Coronavirus Class War: Media suppress identities to discourage marginalization, but what happens when it is the elite spreading it?

Coronavirus Class War: Media suppress identities to discourage marginalization, but what happens when it is the elite spreading it? By Steve Sailer.

The U.S. media are trained when reporting on epidemics to be on the alert for any hint of the dreaded Stigmatization of the Marginalized. For example, the AIDS epidemic was largely spread by needle junkies and addicts devoted to anonymous sodomy, but practically nobody knows that anymore due to massive retconning.
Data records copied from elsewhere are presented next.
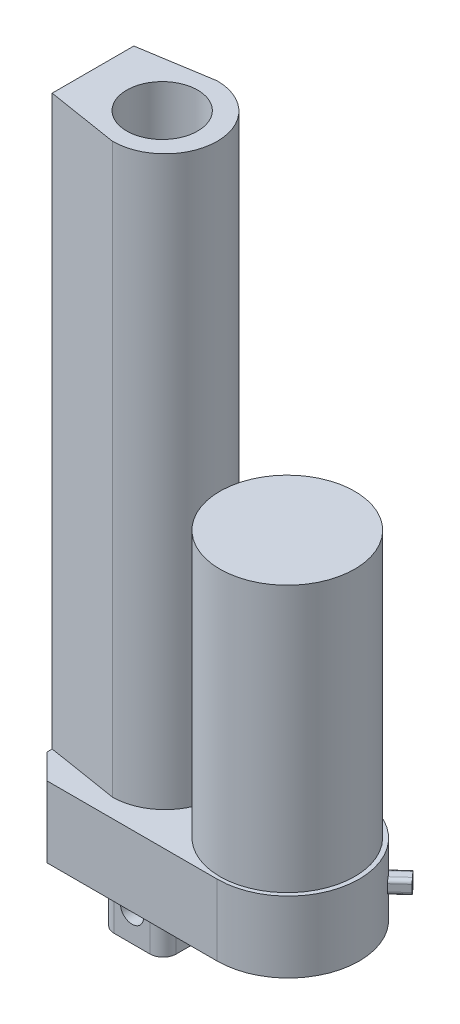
ISO-10303-21;
HEADER;
FILE_DESCRIPTION(('STEP AP214'),'2;1');
FILE_NAME('part.step','',(''),(''),'','','');
FILE_SCHEMA(('AUTOMOTIVE_DESIGN { 1 0 10303 214 1 1 1 1 }'));
ENDSEC;
DATA;
#1=APPLICATION_CONTEXT('core data for automotive mechanical design processes');
#2=APPLICATION_PROTOCOL_DEFINITION('international standard','automotive_design',2000,#1);
#3=PRODUCT_CONTEXT('',#1,'mechanical');
#4=PRODUCT('Part','Part','',(#3));
#5=PRODUCT_RELATED_PRODUCT_CATEGORY('part','',(#4));
#6=PRODUCT_DEFINITION_FORMATION('','',#4);
#7=PRODUCT_DEFINITION_CONTEXT('part definition',#1,'design');
#8=PRODUCT_DEFINITION('design','',#6,#7);
#9=PRODUCT_DEFINITION_SHAPE('','',#8);
#10=(LENGTH_UNIT() NAMED_UNIT(*) SI_UNIT(.MILLI.,.METRE.));
#11=(NAMED_UNIT(*) PLANE_ANGLE_UNIT() SI_UNIT($,.RADIAN.));
#12=(NAMED_UNIT(*) SI_UNIT($,.STERADIAN.) SOLID_ANGLE_UNIT());
#13=UNCERTAINTY_MEASURE_WITH_UNIT(LENGTH_MEASURE(1.E-05),#10,'distance_accuracy_value','');
#14=(GEOMETRIC_REPRESENTATION_CONTEXT(3) GLOBAL_UNCERTAINTY_ASSIGNED_CONTEXT((#13)) GLOBAL_UNIT_ASSIGNED_CONTEXT((#10,
#11,#12)) REPRESENTATION_CONTEXT('',''));
#15=CARTESIAN_POINT('',(0.,0.,0.));
#16=DIRECTION('',(0.,0.,1.));
#17=DIRECTION('',(1.,0.,0.));
#18=AXIS2_PLACEMENT_3D('',#15,#16,#17);
#19=CARTESIAN_POINT('',(55.,20.,-20.));
#20=DIRECTION('',(0.,-1.,0.));
#21=DIRECTION('',(0.,0.,-1.));
#22=AXIS2_PLACEMENT_3D('',#19,#20,#21);
#23=CYLINDRICAL_SURFACE('',#22,20.);
#24=CARTESIAN_POINT('',(55.,0.,-20.));
#25=DIRECTION('',(0.,1.,0.));
#26=DIRECTION('',(0.,0.,1.));
#27=AXIS2_PLACEMENT_3D('',#24,#25,#26);
#28=CIRCLE('',#27,20.);
#29=CARTESIAN_POINT('',(55.,0.,0.));
#30=VERTEX_POINT('',#29);
#31=CARTESIAN_POINT('',(55.,0.,-40.));
#32=VERTEX_POINT('',#31);
#33=EDGE_CURVE('E327',#30,#32,#28,.T.);
#34=ORIENTED_EDGE('',*,*,#33,.T.);
#35=DIRECTION('',(0.,-1.,0.));
#36=VECTOR('',#35,1.);
#37=CARTESIAN_POINT('',(55.,20.,-40.));
#38=LINE('',#37,#36);
#39=CARTESIAN_POINT('',(55.,20.,-40.));
#40=VERTEX_POINT('',#39);
#41=EDGE_CURVE('E324',#40,#32,#38,.T.);
#42=ORIENTED_EDGE('',*,*,#41,.F.);
#43=CARTESIAN_POINT('',(55.,20.,-20.));
#44=DIRECTION('',(0.,1.,0.));
#45=DIRECTION('',(0.,0.,1.));
#46=AXIS2_PLACEMENT_3D('',#43,#44,#45);
#47=CIRCLE('',#46,20.);
#48=CARTESIAN_POINT('',(55.,20.,0.));
#49=VERTEX_POINT('',#48);
#50=EDGE_CURVE('E319',#49,#40,#47,.T.);
#51=ORIENTED_EDGE('',*,*,#50,.F.);
#52=DIRECTION('',(0.,-1.,0.));
#53=VECTOR('',#52,1.);
#54=CARTESIAN_POINT('',(55.,20.,0.));
#55=LINE('',#54,#53);
#56=EDGE_CURVE('E334',#49,#30,#55,.T.);
#57=ORIENTED_EDGE('',*,*,#56,.T.);
#58=EDGE_LOOP('',(#34,#42,#51,#57));
#59=FACE_BOUND('',#58,.T.);
#60=CARTESIAN_POINT('',(55.,12.,-20.));
#61=DIRECTION('',(0.,-1.,0.));
#62=DIRECTION('',(0.,0.,-1.));
#63=AXIS2_PLACEMENT_3D('',#60,#61,#62);
#64=CIRCLE('',#63,20.);
#65=CARTESIAN_POINT('',(69.1313133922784,12.,-34.1529495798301));
#66=VERTEX_POINT('',#65);
#67=CARTESIAN_POINT('',(70.474181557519,12.,-32.6708210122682));
#68=VERTEX_POINT('',#67);
#69=EDGE_CURVE('E381',#66,#68,#64,.T.);
#70=ORIENTED_EDGE('',*,*,#69,.F.);
#71=CARTESIAN_POINT('',(69.1313133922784,12.,-34.1529495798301));
#72=CARTESIAN_POINT('',(69.1113420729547,11.9999998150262,-34.1728908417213));
#73=CARTESIAN_POINT('',(69.0913376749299,11.9988074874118,-34.1927796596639));
#74=CARTESIAN_POINT('',(69.0513893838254,11.9940523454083,-34.232330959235));
#75=CARTESIAN_POINT('',(69.0314454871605,11.9904896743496,-34.2519934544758));
#76=CARTESIAN_POINT('',(68.9719583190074,11.9762827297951,-34.3103967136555));
#77=CARTESIAN_POINT('',(68.9326908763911,11.962119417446,-34.3486218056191));
#78=CARTESIAN_POINT('',(68.8561268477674,11.9248103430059,-34.4225722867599));
#79=CARTESIAN_POINT('',(68.8188310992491,11.9016607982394,-34.4582966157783));
#80=CARTESIAN_POINT('',(68.7473256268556,11.8470378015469,-34.5263028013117));
#81=CARTESIAN_POINT('',(68.7131154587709,11.8155655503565,-34.5585851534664));
#82=CARTESIAN_POINT('',(68.6487945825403,11.7451423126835,-34.6189040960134));
#83=CARTESIAN_POINT('',(68.6186884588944,11.7061830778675,-34.6469359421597));
#84=CARTESIAN_POINT('',(68.5635602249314,11.6218937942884,-34.6980015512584));
#85=CARTESIAN_POINT('',(68.538539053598,11.576562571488,-34.7210343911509));
#86=CARTESIAN_POINT('',(68.4944266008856,11.4808890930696,-34.7614819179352));
#87=CARTESIAN_POINT('',(68.4753270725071,11.4305539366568,-34.778904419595));
#88=CARTESIAN_POINT('',(68.4436466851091,11.3262554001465,-34.8077285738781));
#89=CARTESIAN_POINT('',(68.4310616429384,11.2722943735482,-34.8191340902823));
#90=CARTESIAN_POINT('',(68.4160243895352,11.1816560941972,-34.8327459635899));
#91=CARTESIAN_POINT('',(68.4115658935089,11.1455626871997,-34.8367761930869));
#92=CARTESIAN_POINT('',(68.4056160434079,11.0729847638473,-34.8421515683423));
#93=CARTESIAN_POINT('',(68.40412059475,11.0365008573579,-34.843500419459));
#94=CARTESIAN_POINT('',(68.4041248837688,11.,-34.8434981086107));
#95=B_SPLINE_CURVE_WITH_KNOTS('',3,(#71,#72,#73,#74,#75,#76,#77,#78,#79,#80,#81,#82,#83,#84,#85,
#86,#87,#88,#89,#90,#91,#92,#93,#94),.UNSPECIFIED.,.F.,.F.,(4,2,2,2,2,2,2,2,2,2,2,4),(0.,
0.0846151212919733,0.169225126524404,0.33815770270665,0.507161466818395,0.676140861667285,
0.845307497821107,1.01450534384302,1.18346648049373,1.35231898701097,1.46188461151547,
1.57129872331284),.UNSPECIFIED.);
#96=CARTESIAN_POINT('',(68.4041248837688,11.,-34.8434981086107));
#97=VERTEX_POINT('',#96);
#98=EDGE_CURVE('E452',#66,#97,#95,.T.);
#99=ORIENTED_EDGE('',*,*,#98,.T.);
#100=DIRECTION('',(0.,-1.,0.));
#101=VECTOR('',#100,1.);
#102=CARTESIAN_POINT('',(68.4041248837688,20.,-34.8434981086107));
#103=LINE('',#102,#101);
#104=CARTESIAN_POINT('',(68.4041248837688,9.,-34.8434981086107));
#105=VERTEX_POINT('',#104);
#106=EDGE_CURVE('E377',#97,#105,#103,.T.);
#107=ORIENTED_EDGE('',*,*,#106,.T.);
#108=CARTESIAN_POINT('',(68.4041248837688,9.,-34.8434981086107));
#109=CARTESIAN_POINT('',(68.4041247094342,8.97195315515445,-34.8434978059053));
#110=CARTESIAN_POINT('',(68.4050055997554,8.94391979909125,-34.8427028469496));
#111=CARTESIAN_POINT('',(68.4085177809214,8.88805478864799,-34.8395302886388));
#112=CARTESIAN_POINT('',(68.4111489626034,8.86022312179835,-34.8371527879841));
#113=CARTESIAN_POINT('',(68.4216377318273,8.77738843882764,-34.8276678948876));
#114=CARTESIAN_POINT('',(68.4320906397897,8.72294202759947,-34.8182080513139));
#115=CARTESIAN_POINT('',(68.4595768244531,8.61719293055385,-34.7932461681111));
#116=CARTESIAN_POINT('',(68.4766128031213,8.56589154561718,-34.7777416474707));
#117=CARTESIAN_POINT('',(68.5167067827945,8.46786786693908,-34.7410777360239));
#118=CARTESIAN_POINT('',(68.5397640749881,8.42114503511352,-34.7199190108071));
#119=CARTESIAN_POINT('',(68.5912344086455,8.33346219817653,-34.6724085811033));
#120=CARTESIAN_POINT('',(68.6196620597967,8.29251845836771,-34.6460427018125));
#121=CARTESIAN_POINT('',(68.6809460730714,8.21767837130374,-34.5888131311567));
#122=CARTESIAN_POINT('',(68.7138033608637,8.18378350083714,-34.5579484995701));
#123=CARTESIAN_POINT('',(68.783071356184,8.12387627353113,-34.4923850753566));
#124=CARTESIAN_POINT('',(68.8194959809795,8.0978965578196,-34.4576711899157));
#125=CARTESIAN_POINT('',(68.8946796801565,8.05475181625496,-34.3854296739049));
#126=CARTESIAN_POINT('',(68.9334373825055,8.03758166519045,-34.3479036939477));
#127=CARTESIAN_POINT('',(68.9989152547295,8.01673468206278,-34.2839668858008));
#128=CARTESIAN_POINT('',(69.0253167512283,8.01046427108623,-34.2580455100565));
#129=CARTESIAN_POINT('',(69.0782715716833,8.00209722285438,-34.2057617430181));
#130=CARTESIAN_POINT('',(69.1048246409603,7.99999493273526,-34.1793999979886));
#131=CARTESIAN_POINT('',(69.1313133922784,8.,-34.1529495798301));
#132=B_SPLINE_CURVE_WITH_KNOTS('',3,(#108,#109,#110,#111,#112,#113,#114,#115,#116,#117,#118,
#119,#120,#121,#122,#123,#124,#125,#126,#127,#128,#129,#130,#131),.UNSPECIFIED.,.F.,.F.,(4,2,2,
2,2,2,2,2,2,2,2,4),(0.,0.0840886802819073,0.168172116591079,0.336031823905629,0.503960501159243,
0.671869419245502,0.840241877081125,1.00864957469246,1.17774264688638,1.34673723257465,
1.45909845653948,1.5713071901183),.UNSPECIFIED.);
#133=CARTESIAN_POINT('',(69.1313133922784,8.,-34.1529495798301));
#134=VERTEX_POINT('',#133);
#135=EDGE_CURVE('E421',#105,#134,#132,.T.);
#136=ORIENTED_EDGE('',*,*,#135,.T.);
#137=CARTESIAN_POINT('',(55.,8.,-20.));
#138=DIRECTION('',(0.,-1.,0.));
#139=DIRECTION('',(0.,0.,-1.));
#140=AXIS2_PLACEMENT_3D('',#137,#138,#139);
#141=CIRCLE('',#140,20.);
#142=CARTESIAN_POINT('',(70.474181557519,8.,-32.6708210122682));
#143=VERTEX_POINT('',#142);
#144=EDGE_CURVE('E374',#134,#143,#141,.T.);
#145=ORIENTED_EDGE('',*,*,#144,.T.);
#146=CARTESIAN_POINT('',(70.474181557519,8.,-32.6708210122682));
#147=CARTESIAN_POINT('',(70.4920619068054,8.00000018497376,-32.648985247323));
#148=CARTESIAN_POINT('',(70.5098868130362,8.00119251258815,-32.6271217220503));
#149=CARTESIAN_POINT('',(70.54531733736,8.00594765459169,-32.5834771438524));
#150=CARTESIAN_POINT('',(70.5629229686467,8.00951032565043,-32.5616960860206));
#151=CARTESIAN_POINT('',(70.6151923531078,8.02371727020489,-32.496753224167));
#152=CARTESIAN_POINT('',(70.6493700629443,8.037880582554,-32.4539166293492));
#153=CARTESIAN_POINT('',(70.7154317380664,8.0751896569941,-32.3704505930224));
#154=CARTESIAN_POINT('',(70.7473147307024,8.09833920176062,-32.3298220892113));
#155=CARTESIAN_POINT('',(70.8079584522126,8.15296219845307,-32.2519747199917));
#156=CARTESIAN_POINT('',(70.8367196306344,8.18443444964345,-32.21475536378));
#157=CARTESIAN_POINT('',(70.8904200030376,8.25485768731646,-32.1448138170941));
#158=CARTESIAN_POINT('',(70.9153549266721,8.29381692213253,-32.1120966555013));
#159=CARTESIAN_POINT('',(70.9607509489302,8.37810620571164,-32.0522132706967));
#160=CARTESIAN_POINT('',(70.9812112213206,8.42343742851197,-32.0250480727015));
#161=CARTESIAN_POINT('',(71.0171240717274,8.51911090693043,-31.977171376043));
#162=CARTESIAN_POINT('',(71.0325836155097,8.56944606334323,-31.9564509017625));
#163=CARTESIAN_POINT('',(71.0581521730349,8.67374459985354,-31.9220891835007));
#164=CARTESIAN_POINT('',(71.0682646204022,8.72770562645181,-31.908443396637));
#165=CARTESIAN_POINT('',(71.080331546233,8.81834390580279,-31.8921402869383));
#166=CARTESIAN_POINT('',(71.0839037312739,8.85443731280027,-31.8873070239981));
#167=CARTESIAN_POINT('',(71.0886678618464,8.92701523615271,-31.8808573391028));
#168=CARTESIAN_POINT('',(71.0898630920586,8.96349914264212,-31.879236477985));
#169=CARTESIAN_POINT('',(71.0898612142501,9.,-31.8792409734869));
#170=B_SPLINE_CURVE_WITH_KNOTS('',3,(#146,#147,#148,#149,#150,#151,#152,#153,#154,#155,#156,
#157,#158,#159,#160,#161,#162,#163,#164,#165,#166,#167,#168,#169),.UNSPECIFIED.,.F.,.F.,(4,2,2,
2,2,2,2,2,2,2,2,4),(0.,0.0846151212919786,0.169225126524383,0.338157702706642,0.507161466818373,
0.676140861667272,0.845307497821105,1.01450534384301,1.18346648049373,1.35231898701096,
1.46188461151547,1.57129872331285),.UNSPECIFIED.);
#171=CARTESIAN_POINT('',(71.0898612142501,9.,-31.8792409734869));
#172=VERTEX_POINT('',#171);
#173=EDGE_CURVE('E456',#143,#172,#170,.T.);
#174=ORIENTED_EDGE('',*,*,#173,.T.);
#175=DIRECTION('',(0.,-1.,0.));
#176=VECTOR('',#175,1.);
#177=CARTESIAN_POINT('',(71.0898612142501,20.,-31.8792409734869));
#178=LINE('',#177,#176);
#179=CARTESIAN_POINT('',(71.0898612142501,11.,-31.8792409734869));
#180=VERTEX_POINT('',#179);
#181=EDGE_CURVE('E382',#172,#180,#178,.F.);
#182=ORIENTED_EDGE('',*,*,#181,.T.);
#183=CARTESIAN_POINT('',(71.0898612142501,11.,-31.8792409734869));
#184=CARTESIAN_POINT('',(71.0898608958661,11.0280468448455,-31.8792408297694));
#185=CARTESIAN_POINT('',(71.0891564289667,11.0560802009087,-31.8801956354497));
#186=CARTESIAN_POINT('',(71.0863446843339,11.111945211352,-31.884002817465));
#187=CARTESIAN_POINT('',(71.0842374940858,11.1397768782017,-31.8868550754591));
#188=CARTESIAN_POINT('',(71.0758301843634,11.2226115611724,-31.8982258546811));
#189=CARTESIAN_POINT('',(71.0674442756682,11.2770579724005,-31.9095584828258));
#190=CARTESIAN_POINT('',(71.0453067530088,11.3828070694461,-31.9393664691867));
#191=CARTESIAN_POINT('',(71.0315529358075,11.4341084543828,-31.9578447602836));
#192=CARTESIAN_POINT('',(70.9990101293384,11.5321321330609,-32.0013503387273));
#193=CARTESIAN_POINT('',(70.9802217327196,11.5788549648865,-32.0263768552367));
#194=CARTESIAN_POINT('',(70.9380038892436,11.6665378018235,-32.0822704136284));
#195=CARTESIAN_POINT('',(70.9145617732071,11.7074815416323,-32.1131533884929));
#196=CARTESIAN_POINT('',(70.8636371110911,11.7823216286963,-32.1797689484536));
#197=CARTESIAN_POINT('',(70.8361537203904,11.8162164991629,-32.2155025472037));
#198=CARTESIAN_POINT('',(70.7777208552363,11.8761237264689,-32.2908830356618));
#199=CARTESIAN_POINT('',(70.7467577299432,11.9021034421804,-32.330545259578));
#200=CARTESIAN_POINT('',(70.6822609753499,11.945248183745,-32.4124695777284));
#201=CARTESIAN_POINT('',(70.6487288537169,11.9624183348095,-32.4547301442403));
#202=CARTESIAN_POINT('',(70.5915419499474,11.9832653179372,-32.5261789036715));
#203=CARTESIAN_POINT('',(70.5683429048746,11.9895357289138,-32.5550018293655));
#204=CARTESIAN_POINT('',(70.5215208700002,11.9979027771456,-32.6128421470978));
#205=CARTESIAN_POINT('',(70.4978984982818,12.0000050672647,-32.6418592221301));
#206=CARTESIAN_POINT('',(70.474181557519,12.,-32.6708210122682));
#207=B_SPLINE_CURVE_WITH_KNOTS('',3,(#183,#184,#185,#186,#187,#188,#189,#190,#191,#192,#193,
#194,#195,#196,#197,#198,#199,#200,#201,#202,#203,#204,#205,#206),.UNSPECIFIED.,.F.,.F.,(4,2,2,
2,2,2,2,2,2,2,2,4),(0.,0.0840886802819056,0.168172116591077,0.33603182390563,0.503960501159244,
0.671869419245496,0.840241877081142,1.00864957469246,1.17774264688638,1.34673723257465,
1.45909845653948,1.57130719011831),.UNSPECIFIED.);
#208=EDGE_CURVE('E413',#180,#68,#207,.T.);
#209=ORIENTED_EDGE('',*,*,#208,.T.);
#210=EDGE_LOOP('',(#70,#99,#107,#136,#145,#174,#182,#209));
#211=FACE_BOUND('',#210,.T.);
#212=ADVANCED_FACE('F56',(#59,#211),#23,.T.);
#213=CARTESIAN_POINT('',(55.,0.,-20.));
#214=DIRECTION('',(0.,1.,0.));
#215=DIRECTION('',(0.,0.,1.));
#216=AXIS2_PLACEMENT_3D('',#213,#214,#215);
#217=PLANE('',#216);
#218=DIRECTION('',(1.,0.,0.));
#219=VECTOR('',#218,1.);
#220=CARTESIAN_POINT('',(0.,0.,0.));
#221=LINE('',#220,#219);
#222=CARTESIAN_POINT('',(7.00000000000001,0.,0.));
#223=VERTEX_POINT('',#222);
#224=EDGE_CURVE('E325',#223,#30,#221,.T.);
#225=ORIENTED_EDGE('',*,*,#224,.F.);
#226=DIRECTION('',(0.707106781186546,0.,0.707106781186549));
#227=VECTOR('',#226,1.);
#228=CARTESIAN_POINT('',(7.00000000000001,0.,0.));
#229=LINE('',#228,#227);
#230=CARTESIAN_POINT('',(0.,0.,-7.00000000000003));
#231=VERTEX_POINT('',#230);
#232=EDGE_CURVE('E468',#223,#231,#229,.F.);
#233=ORIENTED_EDGE('',*,*,#232,.T.);
#234=DIRECTION('',(0.,0.,1.));
#235=VECTOR('',#234,1.);
#236=CARTESIAN_POINT('',(0.,0.,0.));
#237=LINE('',#236,#235);
#238=CARTESIAN_POINT('',(0.,0.,-33.));
#239=VERTEX_POINT('',#238);
#240=EDGE_CURVE('E314',#239,#231,#237,.T.);
#241=ORIENTED_EDGE('',*,*,#240,.F.);
#242=DIRECTION('',(-0.707106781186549,0.,0.707106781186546));
#243=VECTOR('',#242,1.);
#244=CARTESIAN_POINT('',(0.,0.,-33.));
#245=LINE('',#244,#243);
#246=CARTESIAN_POINT('',(7.00000000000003,0.,-40.));
#247=VERTEX_POINT('',#246);
#248=EDGE_CURVE('E466',#239,#247,#245,.F.);
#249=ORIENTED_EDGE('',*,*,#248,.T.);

Thus, back in winter the opinion pages started running cookie cutter opeds by young Asian women writers on the make about how they were being racistly stereotyped over the Wuhan virus.

Similarly, there seems to be some kind of embargo on data about race and ethnicity of people with the coronavirus. It’s easy to learn the sex and age of patients, but not race, whereas with most other topics (other than crime), race is widely trumpeted in the press. My guess is that decisions were made long ago to downplay race and nationality in collecting and publicizing epidemic numbers to avoid stereotyping the marginalized.

But what happens when an epidemic is spread not by the marginalized but by the elite?

This is happening, for instance, in Mexico. Most of the coronavirus victims to date in Mexico caught it while holidaying at a US ski resort, at Vail in Colorado. Throughout the West, it is the jet setting globalists who have been among the first to catch it and pass it on.